Exercise description: Only lines containing the word "dimscale" are needed; pull them out of the material.

---------------

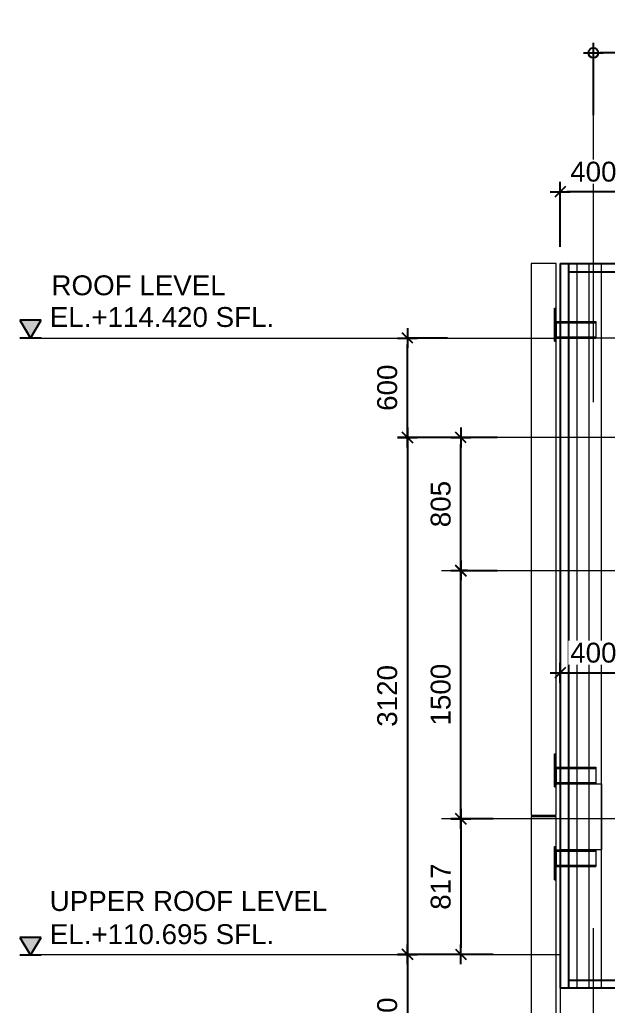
# Model space of a CAD drawing. Header units: millimetres. Extents: x 652937 to 1670132, y 1473552 to 2851037.
# Drawn here: x 663623.96 to 663627.52, y 1524563.97 to 1524569.93 of the extents above; entities that cross this region are included whole.
import ezdxf
from ezdxf.enums import TextEntityAlignment as Align

# ---------------------------------------------------------------- set-up
doc = ezdxf.new("R2010")
doc.units = ezdxf.units.MM
for name, pattern in [('Grid Line', [22.225, 12.7, -3.175, 3.175, -3.175]), ('HIDDEN', [0.375, 0.25, -0.125]), ('XKITLINE00', [0]), ('XKITLINE02', [4, 2, -2])]:
    doc.linetypes.add(name, pattern=pattern)
doc.layers.get('Defpoints').update_dxf_attribs({"color": 255})
for name, color, linetype, lineweight in [('A-230-M_FLOOR', 2, 'Continuous', 25), ('A-GENM', 37, 'Continuous', 9), ('Part', 2, 'Continuous', 0), ('Z-030-M_GRID', 1, 'Continuous', 9), ('Z-230-A_LEVEL', 1, 'Continuous', 9)]:
    doc.layers.add(name, color=color, linetype=linetype, lineweight=lineweight)
for name, color, linetype in [('CVA044__', 2, 'Continuous'), ('DIM', 1, 'Continuous'), ('S-DIM', 7, 'Continuous')]:
    doc.layers.add(name, color=color, linetype=linetype)
doc.styles.add('ANGSANA', font='angsana.shx', dxfattribs={"width": 0.9})
doc.styles.add('Arial', font='arial.ttf')
doc.dimstyles.new('Dim 40 - Cen', dxfattribs={"dimscale": 0.04, "dimtxt": 3, "dimasz": 1, "dimexe": 0, "dimexo": 1, "dimgap": 1.5, "dimtad": 1, "dimdec": 0, "dimlfac": 1000, "dimzin": 1, "dimdsep": 46, "dimtxsty": 'Arial', "dimblk": 'CEN1', "dimcen": 0.09, "dimclrd": 1, "dimclre": 49, "dimclrt": 3, "dimadec": 0, "dimazin": 0, "dimtfac": 1, "dimtdec": 0, "dimtix": 1, "dimtofl": 0, "dimtmove": 2, "dimatfit": 3, "dimfxl": 1, "dimtfill": 1, "dimtolj": 1, "dimtzin": 0, "dimarcsym": 1})
doc.dimstyles.new('Dim 40 - End', dxfattribs={"dimscale": 0.04, "dimtxt": 3, "dimasz": 1, "dimexe": 0, "dimexo": 2.5, "dimgap": 1.5, "dimtad": 1, "dimdec": 0, "dimlfac": 1000, "dimzin": 1, "dimdsep": 46, "dimtxsty": 'Arial', "dimblk": 'END', "dimcen": 0.09, "dimclrd": 1, "dimclre": 49, "dimclrt": 3, "dimadec": 0, "dimazin": 0, "dimtfac": 1, "dimtdec": 0, "dimtix": 1, "dimtofl": 0, "dimtmove": 2, "dimatfit": 3, "dimfxl": 1, "dimtfill": 1, "dimtfillclr": 256, "dimtolj": 1, "dimtzin": 0, "dimarcsym": 0})

# ---------------------------------------------------------------- blocks, each defined once
blk = doc.blocks.new('*A27042290')
at = {"layer": 'Part', "linetype": 'XKITLINE00', "lineweight": 0}
for p, q in [((800.649217, 180.072396), (799.899217, 180.072396)), ((799.899217, 180.072396), (799.899217, 163.422396)), ((800.649217, 163.422396), (800.649217, 180.072396)), ((799.899217, 163.422396), (800.649217, 163.422396)), ((800.649217, 163.372396), (799.899217, 163.372396)), ((799.899217, 163.372396), (799.899217, 148.472396)), ((800.649217, 148.472396), (800.649217, 163.372396))]:
    blk.add_line(p, q, dxfattribs=at)
blk = doc.blocks.new('*A27142300')
at = {"layer": 'Part', "linetype": 'XKITLINE00', "lineweight": 0}
for p, q in [((800.649234, 162.372396), (801.279204, 162.372396)), ((800.649234, 162.334896), (801.279204, 162.334896)), ((800.649234, 161.909896), (801.279204, 161.909896)), ((800.649234, 161.872396), (801.279204, 161.872396))]:
    blk.add_line(p, q, dxfattribs=at)
at = {"layer": 'Part', "linetype": 'XKITLINE02', "lineweight": 0}
for p, q in [((800.649234, 162.372396), (800.649234, 161.872396)), ((801.279204, 162.372396), (801.849234, 162.372396)), ((801.279204, 162.334896), (801.849234, 162.334896)), ((801.849234, 162.372396), (801.849234, 161.872396)), ((801.279204, 161.909896), (801.849234, 161.909896)), ((801.279204, 161.872396), (801.849234, 161.872396))]:
    blk.add_line(p, q, dxfattribs=at)
blk = doc.blocks.new('*A27152301')
at = {"layer": 'Part', "linetype": 'XKITLINE02', "lineweight": 0}
for p, q in [((800.599217, 162.472396), (800.599252, 162.472396)), ((800.599217, 161.472396), (800.599217, 162.472396)), ((800.599217, 162.472396), (800.649252, 162.472396)), ((800.599252, 162.472396), (800.599252, 161.472396)), ((800.649217, 161.472396), (800.649217, 162.472396)), ((800.649252, 161.472396), (800.649252, 162.472396)), ((800.599252, 161.472396), (800.599217, 161.472396)), ((800.599217, 161.472396), (800.649252, 161.472396))]:
    blk.add_line(p, q, dxfattribs=at)
blk = doc.blocks.new('*A27162302')
at = {"layer": 'Part', "linetype": 'XKITLINE02', "lineweight": 0}
for p, q in [((800.599217, 165.272396), (800.599252, 165.272396)), ((800.599217, 164.272396), (800.599217, 165.272396)), ((800.599217, 165.272396), (800.649252, 165.272396)), ((800.599252, 165.272396), (800.599252, 164.272396)), ((800.649217, 164.272396), (800.649217, 165.272396)), ((800.649252, 164.272396), (800.649252, 165.272396)), ((800.599252, 164.272396), (800.599217, 164.272396)), ((800.599217, 164.272396), (800.649252, 164.272396))]:
    blk.add_line(p, q, dxfattribs=at)
blk = doc.blocks.new('*A27172303')
at = {"layer": 'Part', "linetype": 'XKITLINE00', "lineweight": 0}
for p, q in [((800.649234, 164.872396), (801.279204, 164.872396)), ((800.649234, 164.834896), (801.279204, 164.834896)), ((800.649234, 164.409896), (801.279204, 164.409896)), ((800.649234, 164.372396), (801.279204, 164.372396))]:
    blk.add_line(p, q, dxfattribs=at)
at = {"layer": 'Part', "linetype": 'XKITLINE02', "lineweight": 0}
for p, q in [((800.649234, 164.872396), (800.649234, 164.372396)), ((801.279204, 164.872396), (801.849234, 164.872396)), ((801.279204, 164.834896), (801.849234, 164.834896)), ((801.849234, 164.872396), (801.849234, 164.372396)), ((801.279204, 164.409896), (801.849234, 164.409896)), ((801.279204, 164.372396), (801.849234, 164.372396))]:
    blk.add_line(p, q, dxfattribs=at)
blk = doc.blocks.new('*A27182304')
at = {"layer": 'Part', "linetype": 'XKITLINE02', "lineweight": 0}
for p, q in [((800.599217, 178.722396), (800.599252, 178.722396)), ((800.599217, 177.722396), (800.599217, 178.722396)), ((800.599217, 178.722396), (800.649252, 178.722396)), ((800.599252, 178.722396), (800.599252, 177.722396)), ((800.649217, 177.722396), (800.649217, 178.722396)), ((800.649252, 177.722396), (800.649252, 178.722396)), ((800.599252, 177.722396), (800.599217, 177.722396)), ((800.599217, 177.722396), (800.649252, 177.722396))]:
    blk.add_line(p, q, dxfattribs=at)
blk = doc.blocks.new('*A27192305')
at = {"layer": 'Part', "linetype": 'XKITLINE00', "lineweight": 0}
for p, q in [((800.649234, 178.322396), (801.279205, 178.322396)), ((800.649234, 178.284896), (801.279205, 178.284896)), ((800.649234, 177.859896), (801.279205, 177.859896)), ((800.649234, 177.822396), (801.279205, 177.822396))]:
    blk.add_line(p, q, dxfattribs=at)
at = {"layer": 'Part', "linetype": 'XKITLINE02', "lineweight": 0}
for p, q in [((800.649234, 178.322396), (800.649234, 177.822396)), ((801.279205, 178.322396), (801.849234, 178.322396)), ((801.279205, 178.284896), (801.849234, 178.284896)), ((801.849234, 178.322396), (801.849234, 177.822396)), ((801.279205, 177.859896), (801.849234, 177.859896)), ((801.279205, 177.822396), (801.849234, 177.822396))]:
    blk.add_line(p, q, dxfattribs=at)
blk = doc.blocks.new('LEV-SEC')
blk.add_hatch(color=1).paths.add_polyline_path([(-1.62, 2.67), (0, 0), (1.62, 2.67)])
at = {"color": 1}
for p, q in [((-1.62, 2.67), (0, 0)), ((1.62, 2.67), (-1.62, 2.67)), ((0, 0), (1.62, 2.67)), ((1.62, 0), (-1.62, 0))]:
    blk.add_line(p, q, dxfattribs=at)
at = {"color": 2, "style": 'ANGSANA'}
blk.add_attdef('ELEVATION', text='', height=2.4, dxfattribs=at).set_placement((2.91, 2.21), align=Align.BOTTOM_LEFT)
blk = doc.blocks.new('CEN1')
at = {"color": 1}
for p, q in [((0, 1.5), (0, -1.5)), ((1.5, 0), (-1.5, 0))]:
    blk.add_line(p, q, dxfattribs=at)
at = {"color": 3}
blk.add_circle((0, 0), 0.75, dxfattribs=at)
blk = doc.blocks.new('*D2360')
at = {"layer": 'Defpoints', "color": 0, "transparency": 16777216}
for p in [(663627.4277, 1524569.7293), (663627.4277, 1524569.3127), (663628.3827, 1524569.3127)]:
    blk.add_point(p, dxfattribs=at)
at = {"layer": 'S-DIM', "color": 49, "lineweight": -2, "transparency": 16777216}
for p, q in [((663627.4277, 1524569.3527), (663627.4277, 1524569.7293)), ((663628.3827, 1524569.3527), (663628.3827, 1524569.7293))]:
    blk.add_line(p, q, dxfattribs=at)
at = {"layer": 'S-DIM', "color": 1, "lineweight": -2, "transparency": 16777216}
blk.add_line((663628.3427, 1524569.7293), (663627.4677, 1524569.7293), dxfattribs=at)
at = {"layer": 'S-DIM', "color": 1, "lineweight": -2, "transparency": 16777216, "xscale": 0.04, "yscale": 0.04, "zscale": 0.04, "rotation": 180}
blk.add_blockref('CEN1', (663627.4277, 1524569.7293), dxfattribs=at)
at = {"layer": 'S-DIM', "color": 1, "lineweight": -2, "transparency": 16777216, "xscale": 0.04, "yscale": 0.04, "zscale": 0.04}
blk.add_blockref('CEN1', (663628.3827, 1524569.7293), dxfattribs=at)
at = {"layer": 'S-DIM', "color": 3, "transparency": 16777216, "insert": (663627.9052, 1524569.8505), "char_height": 0.12, "attachment_point": 5, "style": 'Arial', "bg_fill": 3, "box_fill_scale": 1.1, "bg_fill_color": 256, "bg_fill_true_color": 13158600, "bg_fill_transparency": 0}
blk.add_mtext('\\A1;955', dxfattribs=at)
blk = doc.blocks.new('*A26572244')
at = {"layer": 'Part', "linetype": 'XKITLINE00', "lineweight": 0}
for p, q in [((883.799204, 162.372396), (883.799204, 164.372396)), ((883.799204, 164.372396), (885.049204, 164.372396)), ((885.049204, 164.372396), (885.049204, 162.372396)), ((885.049204, 162.372396), (883.799204, 162.372396))]:
    blk.add_line(p, q, dxfattribs=at)
blk = doc.blocks.new('END')
at = {"color": 1}
for p, q in [((0, 1.5), (0, -1.5)), ((1.5, 0), (-1.5, 0))]:
    blk.add_line(p, q, dxfattribs=at)
at = {"color": 3}
blk.add_line((-0.8, -0.8), (0.8, 0.8), dxfattribs=at)
blk = doc.blocks.new('*D2361')
at = {"layer": 'Defpoints', "color": 0, "transparency": 16777216}
for p in [(663626.6273, 1524566.6056), (663626.7665, 1524566.6056), (663626.7665, 1524565.1056)]:
    blk.add_point(p, dxfattribs=at)
at = {"layer": 'S-DIM', "color": 49, "lineweight": -2, "transparency": 16777216}
for p, q in [((663626.6665, 1524566.6056), (663626.6273, 1524566.6056)), ((663626.6665, 1524565.1056), (663626.6273, 1524565.1056))]:
    blk.add_line(p, q, dxfattribs=at)
at = {"layer": 'S-DIM', "color": 1, "lineweight": -2, "transparency": 16777216}
blk.add_line((663626.6273, 1524565.1456), (663626.6273, 1524566.5656), dxfattribs=at)
at = {"layer": 'S-DIM', "color": 1, "lineweight": -2, "transparency": 16777216, "xscale": 0.04, "yscale": 0.04, "zscale": 0.04}
for p, rotation in [((663626.6273, 1524566.6056), 90), ((663626.6273, 1524565.1056), 270)]:
    blk.add_blockref('END', p, dxfattribs=dict(at, rotation=rotation))
at = {"layer": 'S-DIM', "color": 3, "transparency": 16777216, "insert": (663626.506, 1524565.8556), "char_height": 0.12, "attachment_point": 5, "rotation": 90, "style": 'Arial', "bg_fill": 3, "box_fill_scale": 1.1, "bg_fill_color": 256, "bg_fill_true_color": 13158600, "bg_fill_transparency": 0}
blk.add_mtext('\\A1;1500', dxfattribs=at)
blk = doc.blocks.new('*D2362')
at = {"layer": 'Defpoints', "color": 0, "transparency": 16777216}
for p in [(663626.9231, 1524565.1056), (663626.6273, 1524564.2881), (663626.9231, 1524564.2881)]:
    blk.add_point(p, dxfattribs=at)
at = {"layer": 'S-DIM', "color": 49, "lineweight": -2, "transparency": 16777216}
for p, q in [((663626.8231, 1524565.1056), (663626.6273, 1524565.1056)), ((663626.8231, 1524564.2881), (663626.6273, 1524564.2881))]:
    blk.add_line(p, q, dxfattribs=at)
at = {"layer": 'S-DIM', "color": 1, "lineweight": -2, "transparency": 16777216}
blk.add_line((663626.6273, 1524565.0656), (663626.6273, 1524564.3281), dxfattribs=at)
at = {"layer": 'S-DIM', "color": 1, "lineweight": -2, "transparency": 16777216, "xscale": 0.04, "yscale": 0.04, "zscale": 0.04}
for p, rotation in [((663626.6273, 1524565.1056), 90), ((663626.6273, 1524564.2881), 270)]:
    blk.add_blockref('END', p, dxfattribs=dict(at, rotation=rotation))
at = {"layer": 'S-DIM', "color": 3, "transparency": 16777216, "insert": (663626.506, 1524564.6969), "char_height": 0.12, "attachment_point": 5, "rotation": 90, "style": 'Arial', "bg_fill": 3, "box_fill_scale": 1.1, "bg_fill_color": 256, "bg_fill_true_color": 13158600, "bg_fill_transparency": 0}
blk.add_mtext('\\A1;817', dxfattribs=at)
blk = doc.blocks.new('*D2363')
at = {"layer": 'Defpoints', "color": 0, "transparency": 16777216}
for p in [(663626.6273, 1524567.4081), (663626.9461, 1524567.4081), (663626.9461, 1524566.6036)]:
    blk.add_point(p, dxfattribs=at)
at = {"layer": 'S-DIM', "color": 49, "lineweight": -2, "transparency": 16777216}
for p, q in [((663626.8461, 1524567.4081), (663626.6273, 1524567.4081)), ((663626.8461, 1524566.6036), (663626.6273, 1524566.6036))]:
    blk.add_line(p, q, dxfattribs=at)
at = {"layer": 'S-DIM', "color": 1, "lineweight": -2, "transparency": 16777216}
blk.add_line((663626.6273, 1524566.6436), (663626.6273, 1524567.3681), dxfattribs=at)
at = {"layer": 'S-DIM', "color": 1, "lineweight": -2, "transparency": 16777216, "xscale": 0.04, "yscale": 0.04, "zscale": 0.04}
for p, rotation in [((663626.6273, 1524567.4081), 90), ((663626.6273, 1524566.6036), 270)]:
    blk.add_blockref('END', p, dxfattribs=dict(at, rotation=rotation))
at = {"layer": 'S-DIM', "color": 3, "transparency": 16777216, "insert": (663626.506, 1524567.0059), "char_height": 0.12, "attachment_point": 5, "rotation": 90, "style": 'Arial', "bg_fill": 3, "box_fill_scale": 1.1, "bg_fill_color": 256, "bg_fill_true_color": 13158600, "bg_fill_transparency": 0}
blk.add_mtext('\\A1;805', dxfattribs=at)
blk = doc.blocks.new('*D2364')
at = {"layer": 'Defpoints', "color": 0, "transparency": 16777216}
for p in [(663626.3043, 1524568.0081), (663626.6469, 1524568.0081), (663626.6469, 1524567.4081)]:
    blk.add_point(p, dxfattribs=at)
at = {"layer": 'S-DIM', "color": 49, "lineweight": -2, "transparency": 16777216}
for p, q in [((663626.5469, 1524568.0081), (663626.3043, 1524568.0081)), ((663626.5469, 1524567.4081), (663626.3043, 1524567.4081))]:
    blk.add_line(p, q, dxfattribs=at)
at = {"layer": 'S-DIM', "color": 1, "lineweight": -2, "transparency": 16777216}
blk.add_line((663626.3043, 1524567.4481), (663626.3043, 1524567.9681), dxfattribs=at)
at = {"layer": 'S-DIM', "color": 1, "lineweight": -2, "transparency": 16777216, "xscale": 0.04, "yscale": 0.04, "zscale": 0.04}
for p, rotation in [((663626.3043, 1524568.0081), 90), ((663626.3043, 1524567.4081), 270)]:
    blk.add_blockref('END', p, dxfattribs=dict(at, rotation=rotation))
at = {"layer": 'S-DIM', "color": 3, "transparency": 16777216, "insert": (663626.183, 1524567.7081), "char_height": 0.12, "attachment_point": 5, "rotation": 90, "style": 'Arial', "bg_fill": 3, "box_fill_scale": 1.1, "bg_fill_color": 256, "bg_fill_true_color": 13158600, "bg_fill_transparency": 0}
blk.add_mtext('\\A1;600', dxfattribs=at)
blk = doc.blocks.new('*D2365')
at = {"layer": 'Defpoints', "color": 0, "transparency": 16777216}
for p in [(663626.5639, 1524564.2881), (663626.3043, 1524563.4881), (663626.5639, 1524563.4881)]:
    blk.add_point(p, dxfattribs=at)
at = {"layer": 'S-DIM', "color": 49, "lineweight": -2, "transparency": 16777216}
for p, q in [((663626.4639, 1524564.2881), (663626.3043, 1524564.2881)), ((663626.4639, 1524563.4881), (663626.3043, 1524563.4881))]:
    blk.add_line(p, q, dxfattribs=at)
at = {"layer": 'S-DIM', "color": 1, "lineweight": -2, "transparency": 16777216}
blk.add_line((663626.3043, 1524564.2481), (663626.3043, 1524563.5281), dxfattribs=at)
at = {"layer": 'S-DIM', "color": 1, "lineweight": -2, "transparency": 16777216, "xscale": 0.04, "yscale": 0.04, "zscale": 0.04}
for p, rotation in [((663626.3043, 1524564.2881), 90), ((663626.3043, 1524563.4881), 270)]:
    blk.add_blockref('END', p, dxfattribs=dict(at, rotation=rotation))
at = {"layer": 'S-DIM', "color": 3, "transparency": 16777216, "insert": (663626.183, 1524563.8881), "char_height": 0.12, "attachment_point": 5, "rotation": 90, "style": 'Arial', "bg_fill": 3, "box_fill_scale": 1.1, "bg_fill_color": 256, "bg_fill_true_color": 13158600, "bg_fill_transparency": 0}
blk.add_mtext('\\A1;800', dxfattribs=at)
blk = doc.blocks.new('*D2366')
at = {"layer": 'Defpoints', "color": 0, "transparency": 16777216}
for p in [(663626.7649, 1524567.4081), (663626.3043, 1524564.2881), (663626.7649, 1524564.2881)]:
    blk.add_point(p, dxfattribs=at)
at = {"layer": 'S-DIM', "color": 49, "lineweight": -2, "transparency": 16777216}
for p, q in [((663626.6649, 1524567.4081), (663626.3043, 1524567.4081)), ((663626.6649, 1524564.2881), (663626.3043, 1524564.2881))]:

---------------

Output:
doc.dimstyles.new('Dim 40 - Cen', dxfattribs={"dimscale": 0.04, "dimtxt": 3, "dimasz": 1, "dimexe": 0, "dimexo": 1, "dimgap": 1.5, "dimtad": 1, "dimdec": 0, "dimlfac": 1000, "dimzin": 1, "dimdsep": 46, "dimtxsty": 'Arial', "dimblk": 'CEN1', "dimcen": 0.09, "dimclrd": 1, "dimclre": 49, "dimclrt": 3, "dimadec": 0, "dimazin": 0, "dimtfac": 1, "dimtdec": 0, "dimtix": 1, "dimtofl": 0, "dimtmove": 2, "dimatfit": 3, "dimfxl": 1, "dimtfill": 1, "dimtolj": 1, "dimtzin": 0, "dimarcsym": 1})
doc.dimstyles.new('Dim 40 - End', dxfattribs={"dimscale": 0.04, "dimtxt": 3, "dimasz": 1, "dimexe": 0, "dimexo": 2.5, "dimgap": 1.5, "dimtad": 1, "dimdec": 0, "dimlfac": 1000, "dimzin": 1, "dimdsep": 46, "dimtxsty": 'Arial', "dimblk": 'END', "dimcen": 0.09, "dimclrd": 1, "dimclre": 49, "dimclrt": 3, "dimadec": 0, "dimazin": 0, "dimtfac": 1, "dimtdec": 0, "dimtix": 1, "dimtofl": 0, "dimtmove": 2, "dimatfit": 3, "dimfxl": 1, "dimtfill": 1, "dimtfillclr": 256, "dimtolj": 1, "dimtzin": 0, "dimarcsym": 0})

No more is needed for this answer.